Indonesia's trade surplus soared to twice the forecast amount in August as imports such as raw materials and capital goods fell more than expected, government data showed on Friday.
The surplus for Southeast Asia's biggest economy was $3.12 billion, the statistics bureau reported, far above the $1.55 billion median forecast of 19 economists surveyed by Reuters and up sharply from $1.31 billion in July.
Imports fell 14.77% to $18.88 billion, deeper than the 9.33% forecast drop. Crude oil imports sank about 39% from a year earlier, said Amalia Adininggar Widyasanti, acting head of Statistics Indonesia.
The import drop was influenced by seasonal factors, said economist Irman Faiz at Bank Danamon, who maintained his forecast that imports will rise for the rest of the year due to higher oil prices and an increase in manufacturing.

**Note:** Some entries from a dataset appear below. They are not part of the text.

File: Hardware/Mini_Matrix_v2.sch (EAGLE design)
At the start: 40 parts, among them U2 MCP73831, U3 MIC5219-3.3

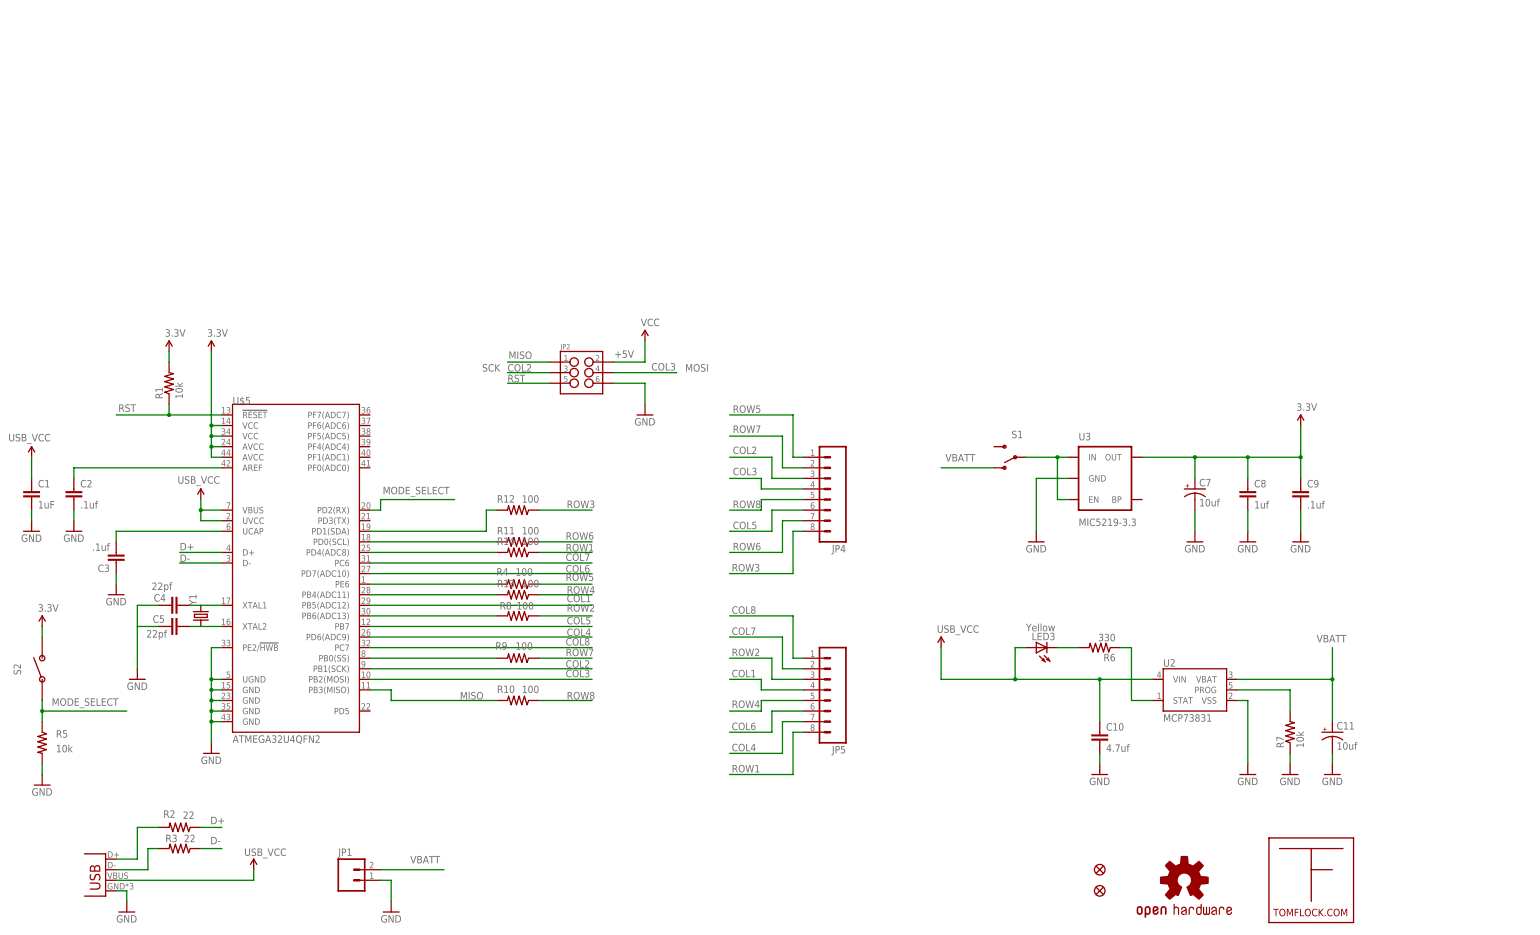
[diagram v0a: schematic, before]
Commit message: Added detailed Documentation
Assembly Drawing
Schematic
Stencil
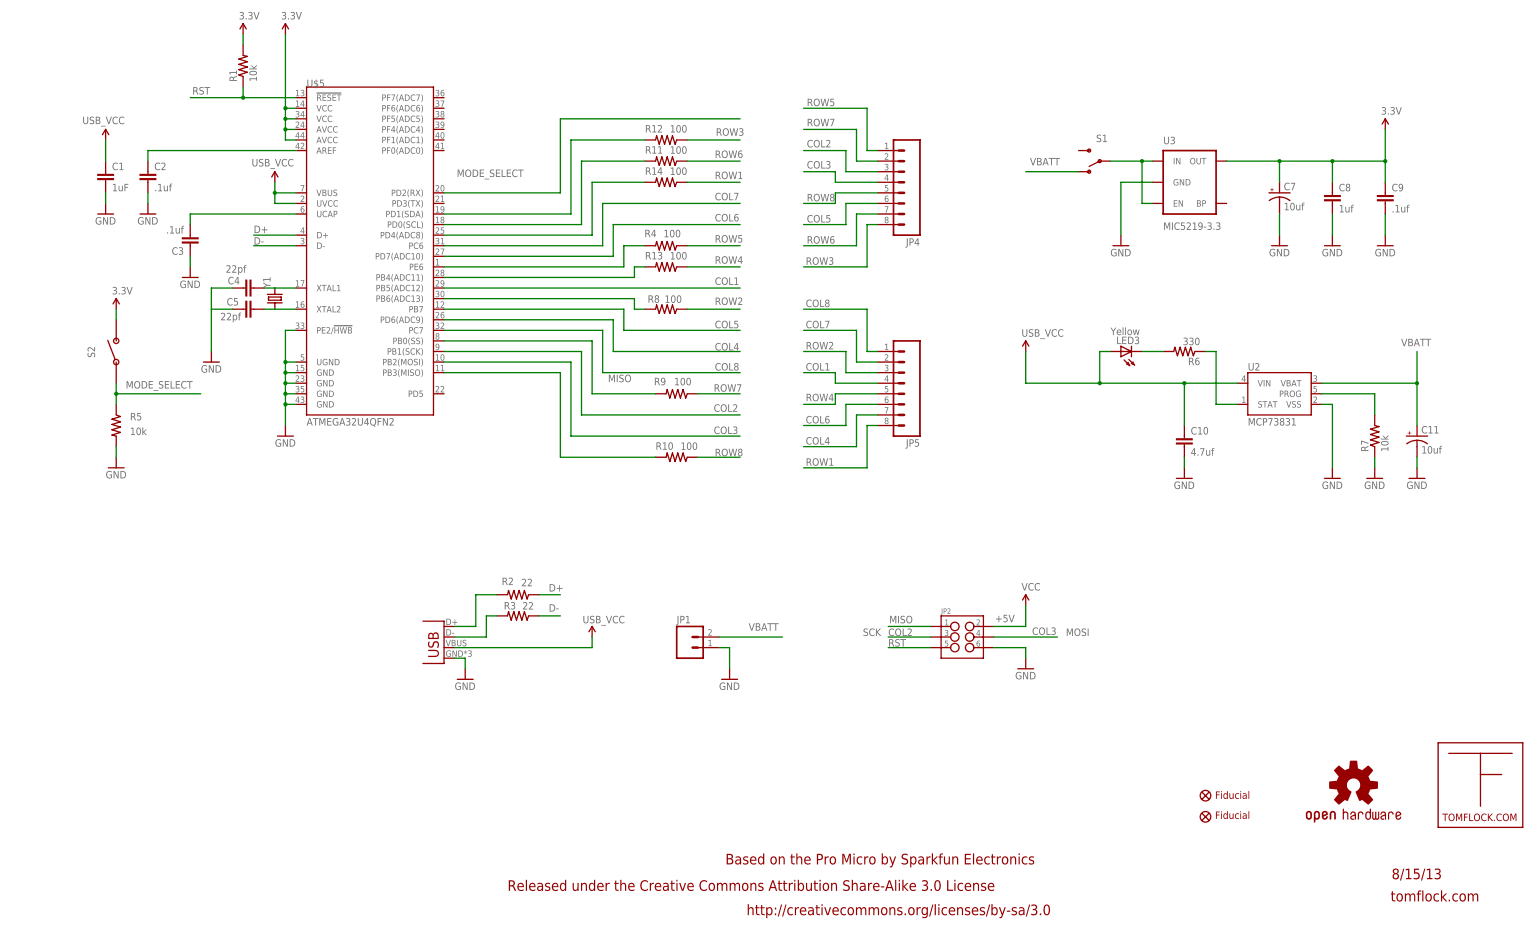
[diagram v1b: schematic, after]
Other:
- note added: "8/15/13"
- note added: "Based on the Pro Micro by Sparkfun Electronics"
- note added: "Fiducial"
- note added: "Released under the Creative Commons Attribution Share-Alike 3.0 License"
- note added: "http://creativecommons.org/licenses/by-sa/3.0"
- note added: "tomflock.com"
- moved on the sheet: C1, C10, C11, C2, C3, C4, C5, C7, C8, C9, JP1, JP2

"On the other hand, weakening global growth and lower commodity prices are expected to result in reduced exports," he said, keeping his 2023 current account deficit forecast at 0.4% of gross domestic product.
Indonesia's exports dropped 21.21% in August from a year earlier to $22 billion, compared with a forecast 22% decline, on lower prices for the country's top commodities, such as coal, palm oil and natural gas.
Indonesia's policymakers must remain cautious about currency volatility given expectations of a current account deficit and with U.S. Treasury yields rising, said Trimegah economist Fakhrul Fulvian.
The rupiah fell to its lowest since March on Friday before rebounding. It was trading at 15,363 per dollar at 0354 GMT, barely changed from a day earlier.